Hi, it is great to see you rewarded for your efforts they reflect in your case on your ability and willingness to help, so well deserved.

Which brings me to the point, we as an industry do not offer a rewards system, maybe we should, separate from any corporate self interest group.

Maybe it takes some old fart like me to start the ball rolling.


----------



## sandman55 (May 28, 2005)

Well done!!! :4-clap::4-clap::4-clap:


----------



## defriend (Apr 17, 2011)

jenae said:


> Hi, it is great to see you rewarded for your efforts they reflect in your case on your ability and willingness to help, so well deserved.
> 
> Which brings me to the point, we as an industry do not offer a rewards system, maybe we should, separate from any corporate self interest group.
> 
> Maybe it takes some old fart like me to start the ball rolling.



Maybe you should start the Moderators of TSF awards? Or a Moderator banquet? 

Or ever give the best moderater a Lambogini Gaordo...and me..of course:grin:


----------



## Flight Sim Guy (Dec 19, 2011)

defriend said:


> Or ever give the best moderater a Lambogini Gaordo


:ermm::huh::huh:


----------



## Tomshawk (Jan 23, 2013)

Well done 2xg.

Very kewl


----------



## defriend (Apr 17, 2011)

Flight Sim Guy said:


> :ermm::huh::huh:


What?!? Everyone likes sport cars... usaully pointless on erands, but cool nevertheless.


----------



## Flight Sim Guy (Dec 19, 2011)

True, but I believe you meant Lamborghini Gallardo.:lol:


----------



## joeten (Dec 4, 2008)

back on topic


----------



## defriend (Apr 17, 2011)

I meant that..but what I said is an older model..

also..There might be a Lambogini congratulation..that has 2 times g-force:grin:


----------



## Corday (Mar 3, 2010)

Truly deserved and earned.


----------



## 2xg (Aug 5, 2009)

Thanks ALL for the kinds words and wishes. :flowers:

@jenae - I think I got lucked out again, 3rd year. I wish to be retired earlier in the Forums, but keeps on getting renewed...:sigh:


> Maybe it takes some old fart like me to start the ball rolling.

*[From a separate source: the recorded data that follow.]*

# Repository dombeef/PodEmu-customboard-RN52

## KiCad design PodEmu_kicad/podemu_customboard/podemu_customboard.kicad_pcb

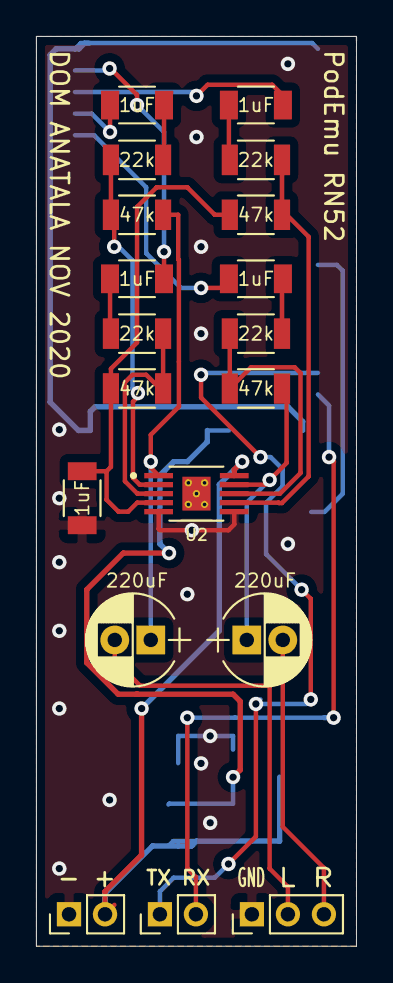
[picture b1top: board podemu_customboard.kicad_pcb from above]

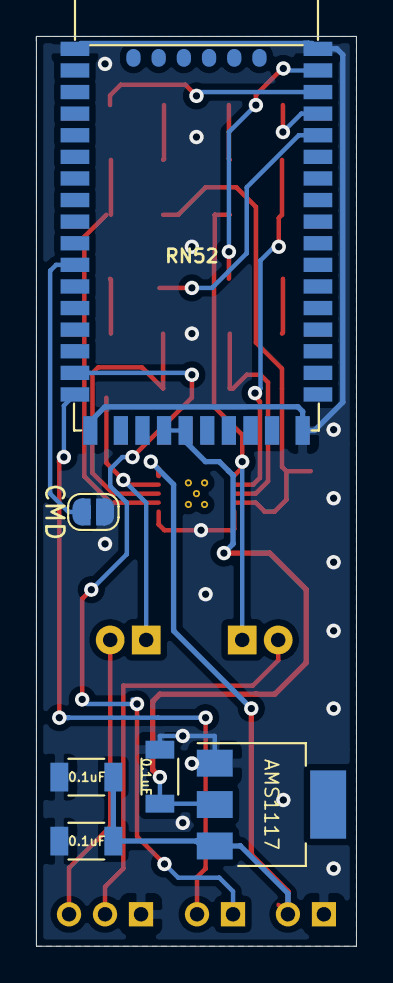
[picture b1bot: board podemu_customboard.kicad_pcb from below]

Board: 2 copper layers, 17.8 x 50.5 mm, 25 parts (6 on the bottom side), 23 nets.

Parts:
0.1uF, 0.1uF#2: 0.1uF; C_1206
220uF, 220uF#2: 220uF; CP_Radial_D5.0mm_P2.00mm
- +: PWR_-_+; Pin_Header_Straight_1x02_Pitch2.00mm
AMS1117: AMS1117-3.3; SOT-223
C3: 0.1uF; C_1206
C4, C5, C6, C7, C8: 1uF; C_1206
CMD: CMD_MODE; SolderJumper-2_P1.3mm_Open_RoundedPad1.0x1.5mm
L R: AUDIO_OUT_GND_L_R; Pin_Header_Straight_1x03_Pitch2.00mm
R1, R2, R3, R4: 22k; R_1206
R5, R6, R7, R8: 47k; R_1206
RN52: RN52-I_RM(50P-26X13.5MM); LGA50-1.0-26X13.5MM
TX RX: UART_TX_RX; Pin_Header_Straight_1x02_Pitch2.00mm
U2: TPA6112A2DGQR; IC_XTR111AIDGQR

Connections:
+3V3: AMS1117.2, C3.1, RN52.21, RN52.22
+5V: 0.1uF.1, 0.1uF#2.1, - +.2, AMS1117.3, U2.10
GND: 0.1uF.2, 0.1uF#2.2, - +.1, AMS1117.1, C3.2, C8.2, CMD.2, L R.1, RN52.1, RN52.18, RN52.27, RN52.44, U2.5, U2.6
unnamed: CMD.1, RN52.11
unnamed: RN52.16, TX RX.1
unnamed: RN52.17, TX RX.2
unnamed: C7.2, RN52.40
unnamed: C6.2, RN52.41
unnamed: C5.2, RN52.42
unnamed: C4.2, RN52.43
unnamed: C4.1, R1.2
unnamed: C5.1, R2.2
unnamed: C6.1, R3.2
unnamed: C7.1, R4.2
unnamed: C8.1, R6.1, R8.1, U2.4
unnamed: 220uF.1, R7.2, U2.9
unnamed: 220uF.2, L R.3
unnamed: 220uF#2.1, R5.2, U2.1
unnamed: 220uF#2.2, L R.2
unnamed: R1.1, R6.2, U2.3
unnamed: R2.1, R8.2, U2.7
unnamed: R3.1, R5.1, U2.2
unnamed: R4.1, R7.1, U2.8

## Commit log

2020-11-17 first board version finished up
    might have to tweak it later

To those of you that would like to be nominated as MVP, please send me a PM I will be more than happy to submit and nominate you (if you are qualified). Note, that the MVP panel is looking for good quality (including proper grammar and keep an eye on your typos - I know no one is perfect) and quantity of posts, not how many resolved Threads you have. :smile:
More info here: MVP Award Homepage


----------



## RockmasteR (Aug 10, 2007)

Congrats :flowers:
keep it up :smile:


----------



## helios19 (Nov 25, 2008)

Congrats 2xg! Great effort.


----------



## jcgriff2 (Sep 30, 2007)

Congratulations Rayda!


----------



## TheCyberMan (Jun 25, 2011)

Nice work Rayda nothing to worry about and those articles paid off big time.:thumb:


----------